++++ SUPPLIED DATA ++++

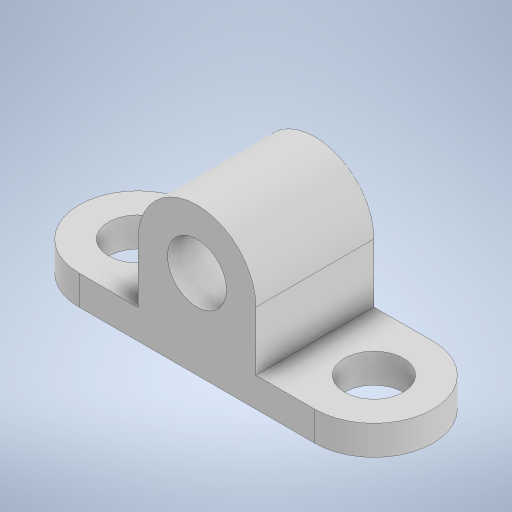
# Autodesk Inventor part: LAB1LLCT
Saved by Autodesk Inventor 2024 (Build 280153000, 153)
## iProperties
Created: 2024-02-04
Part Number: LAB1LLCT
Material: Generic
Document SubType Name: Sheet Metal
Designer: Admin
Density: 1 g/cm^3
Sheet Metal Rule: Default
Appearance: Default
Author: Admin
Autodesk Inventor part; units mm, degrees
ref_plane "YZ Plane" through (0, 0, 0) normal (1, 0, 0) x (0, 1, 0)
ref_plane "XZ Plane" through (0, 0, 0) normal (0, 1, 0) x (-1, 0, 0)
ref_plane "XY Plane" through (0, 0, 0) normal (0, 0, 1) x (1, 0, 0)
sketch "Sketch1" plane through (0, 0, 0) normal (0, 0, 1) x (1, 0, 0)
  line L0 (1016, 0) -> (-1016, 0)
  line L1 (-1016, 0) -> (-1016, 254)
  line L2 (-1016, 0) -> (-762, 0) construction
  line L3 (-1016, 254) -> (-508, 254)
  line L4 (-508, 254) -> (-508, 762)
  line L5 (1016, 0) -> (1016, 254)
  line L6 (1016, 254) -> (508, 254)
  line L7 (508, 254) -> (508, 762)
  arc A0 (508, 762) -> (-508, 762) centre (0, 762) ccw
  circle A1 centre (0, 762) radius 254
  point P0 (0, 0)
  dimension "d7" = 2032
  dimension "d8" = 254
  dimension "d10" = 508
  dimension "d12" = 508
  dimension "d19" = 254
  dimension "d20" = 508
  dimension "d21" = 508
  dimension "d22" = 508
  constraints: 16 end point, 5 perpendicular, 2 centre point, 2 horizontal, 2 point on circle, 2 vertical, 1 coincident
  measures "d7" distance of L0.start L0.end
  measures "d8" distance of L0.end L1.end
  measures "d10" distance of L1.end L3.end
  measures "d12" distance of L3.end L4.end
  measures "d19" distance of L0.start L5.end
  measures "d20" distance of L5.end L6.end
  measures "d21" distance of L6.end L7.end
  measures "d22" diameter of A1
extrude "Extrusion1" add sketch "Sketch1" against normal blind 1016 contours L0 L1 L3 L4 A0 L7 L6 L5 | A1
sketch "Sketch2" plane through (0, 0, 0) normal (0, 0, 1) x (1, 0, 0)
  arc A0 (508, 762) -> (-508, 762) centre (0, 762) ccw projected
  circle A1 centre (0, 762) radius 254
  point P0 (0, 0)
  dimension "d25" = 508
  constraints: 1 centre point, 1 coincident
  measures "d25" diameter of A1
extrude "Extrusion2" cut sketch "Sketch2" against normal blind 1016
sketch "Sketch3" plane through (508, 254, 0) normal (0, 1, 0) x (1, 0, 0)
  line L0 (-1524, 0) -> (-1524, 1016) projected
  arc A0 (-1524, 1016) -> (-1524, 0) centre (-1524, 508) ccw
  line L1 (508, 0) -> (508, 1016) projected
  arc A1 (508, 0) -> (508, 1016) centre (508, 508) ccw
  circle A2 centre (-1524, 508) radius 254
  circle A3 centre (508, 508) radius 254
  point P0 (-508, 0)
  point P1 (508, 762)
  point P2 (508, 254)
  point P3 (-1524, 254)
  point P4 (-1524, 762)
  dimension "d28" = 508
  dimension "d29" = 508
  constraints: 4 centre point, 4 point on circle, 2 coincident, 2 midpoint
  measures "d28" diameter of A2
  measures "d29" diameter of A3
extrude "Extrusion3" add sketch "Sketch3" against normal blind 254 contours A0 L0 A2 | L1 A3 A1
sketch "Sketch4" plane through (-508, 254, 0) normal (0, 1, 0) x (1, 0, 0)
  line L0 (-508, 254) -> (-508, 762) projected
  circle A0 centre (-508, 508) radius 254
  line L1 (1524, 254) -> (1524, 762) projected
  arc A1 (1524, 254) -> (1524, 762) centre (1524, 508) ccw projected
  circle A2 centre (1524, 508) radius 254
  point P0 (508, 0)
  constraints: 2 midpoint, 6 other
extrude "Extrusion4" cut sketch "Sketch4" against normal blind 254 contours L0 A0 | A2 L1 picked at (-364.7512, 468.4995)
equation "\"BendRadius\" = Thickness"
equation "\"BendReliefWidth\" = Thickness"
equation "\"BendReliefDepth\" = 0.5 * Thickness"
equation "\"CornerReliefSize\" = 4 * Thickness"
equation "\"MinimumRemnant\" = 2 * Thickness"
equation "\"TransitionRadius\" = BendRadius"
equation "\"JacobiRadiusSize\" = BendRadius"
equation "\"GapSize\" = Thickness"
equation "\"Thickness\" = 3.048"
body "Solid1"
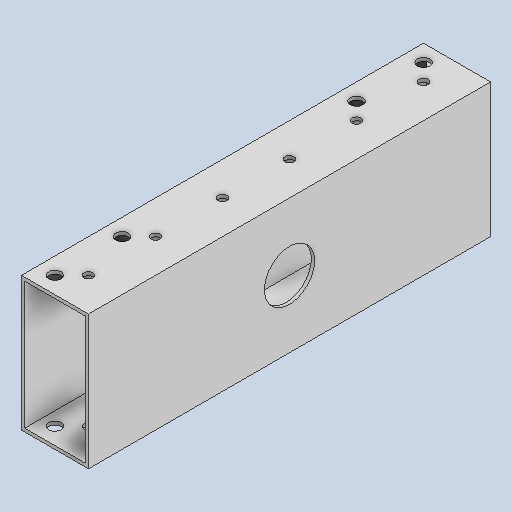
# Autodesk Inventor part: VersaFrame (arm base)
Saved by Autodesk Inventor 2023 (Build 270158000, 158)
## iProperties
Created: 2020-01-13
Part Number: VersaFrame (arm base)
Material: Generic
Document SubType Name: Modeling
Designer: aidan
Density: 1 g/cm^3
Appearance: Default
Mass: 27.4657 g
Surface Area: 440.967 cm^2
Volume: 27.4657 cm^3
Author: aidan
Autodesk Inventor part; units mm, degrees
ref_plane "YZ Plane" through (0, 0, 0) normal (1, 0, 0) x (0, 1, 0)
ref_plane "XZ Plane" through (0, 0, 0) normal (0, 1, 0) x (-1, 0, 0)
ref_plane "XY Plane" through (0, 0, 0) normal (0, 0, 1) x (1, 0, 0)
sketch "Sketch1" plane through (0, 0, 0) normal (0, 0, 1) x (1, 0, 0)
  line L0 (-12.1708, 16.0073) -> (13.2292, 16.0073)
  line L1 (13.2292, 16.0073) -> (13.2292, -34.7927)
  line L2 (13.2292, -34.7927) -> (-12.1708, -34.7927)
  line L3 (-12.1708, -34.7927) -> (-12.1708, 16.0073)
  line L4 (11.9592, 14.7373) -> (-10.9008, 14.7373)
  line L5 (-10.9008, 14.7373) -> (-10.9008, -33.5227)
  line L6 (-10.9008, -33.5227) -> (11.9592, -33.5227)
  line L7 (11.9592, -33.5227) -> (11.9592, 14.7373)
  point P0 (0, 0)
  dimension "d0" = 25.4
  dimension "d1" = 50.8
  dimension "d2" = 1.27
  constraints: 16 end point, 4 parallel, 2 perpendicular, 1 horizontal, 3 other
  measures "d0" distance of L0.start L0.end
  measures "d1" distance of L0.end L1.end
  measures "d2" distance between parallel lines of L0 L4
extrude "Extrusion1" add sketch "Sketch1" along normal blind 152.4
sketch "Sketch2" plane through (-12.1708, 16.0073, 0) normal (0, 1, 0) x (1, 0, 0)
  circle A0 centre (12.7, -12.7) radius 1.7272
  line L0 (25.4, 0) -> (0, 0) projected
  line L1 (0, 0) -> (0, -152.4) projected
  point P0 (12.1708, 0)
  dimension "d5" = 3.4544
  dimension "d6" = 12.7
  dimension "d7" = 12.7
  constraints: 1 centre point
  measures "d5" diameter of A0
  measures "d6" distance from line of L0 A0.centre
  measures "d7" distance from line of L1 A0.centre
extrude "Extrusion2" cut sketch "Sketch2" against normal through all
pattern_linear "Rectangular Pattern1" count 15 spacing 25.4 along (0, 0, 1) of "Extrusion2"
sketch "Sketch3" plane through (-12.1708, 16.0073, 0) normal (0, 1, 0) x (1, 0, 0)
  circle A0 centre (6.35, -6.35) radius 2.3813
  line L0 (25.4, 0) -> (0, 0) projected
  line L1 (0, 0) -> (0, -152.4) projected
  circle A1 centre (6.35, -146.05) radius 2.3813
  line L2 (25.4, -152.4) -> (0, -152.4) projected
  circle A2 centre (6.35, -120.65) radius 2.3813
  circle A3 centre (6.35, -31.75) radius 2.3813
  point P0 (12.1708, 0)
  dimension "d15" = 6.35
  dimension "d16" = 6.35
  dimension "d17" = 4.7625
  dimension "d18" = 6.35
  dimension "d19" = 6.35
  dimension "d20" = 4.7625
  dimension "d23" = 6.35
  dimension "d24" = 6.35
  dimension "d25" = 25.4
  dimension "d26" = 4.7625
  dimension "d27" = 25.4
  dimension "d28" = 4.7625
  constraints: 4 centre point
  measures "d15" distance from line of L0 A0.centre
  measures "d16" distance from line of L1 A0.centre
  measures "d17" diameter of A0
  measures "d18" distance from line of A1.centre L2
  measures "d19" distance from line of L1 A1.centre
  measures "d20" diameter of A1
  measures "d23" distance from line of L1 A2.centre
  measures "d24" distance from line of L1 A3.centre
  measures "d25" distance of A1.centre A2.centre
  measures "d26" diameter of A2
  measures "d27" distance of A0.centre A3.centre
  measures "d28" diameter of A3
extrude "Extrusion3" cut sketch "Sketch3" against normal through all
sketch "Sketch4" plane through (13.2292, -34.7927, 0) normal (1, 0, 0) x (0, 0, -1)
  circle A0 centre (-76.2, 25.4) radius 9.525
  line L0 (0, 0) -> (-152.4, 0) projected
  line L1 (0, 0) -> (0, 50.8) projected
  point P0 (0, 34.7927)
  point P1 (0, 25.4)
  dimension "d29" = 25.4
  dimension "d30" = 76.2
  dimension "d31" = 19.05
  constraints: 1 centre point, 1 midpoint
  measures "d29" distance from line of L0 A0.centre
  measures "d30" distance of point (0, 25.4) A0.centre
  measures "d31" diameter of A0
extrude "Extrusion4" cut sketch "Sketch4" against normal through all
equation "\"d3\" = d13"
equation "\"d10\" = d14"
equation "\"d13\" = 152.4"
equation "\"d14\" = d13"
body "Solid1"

++++

Looking at the records above, work out how many lines hold "Thickness" and write only that number.

**RESULT**.
7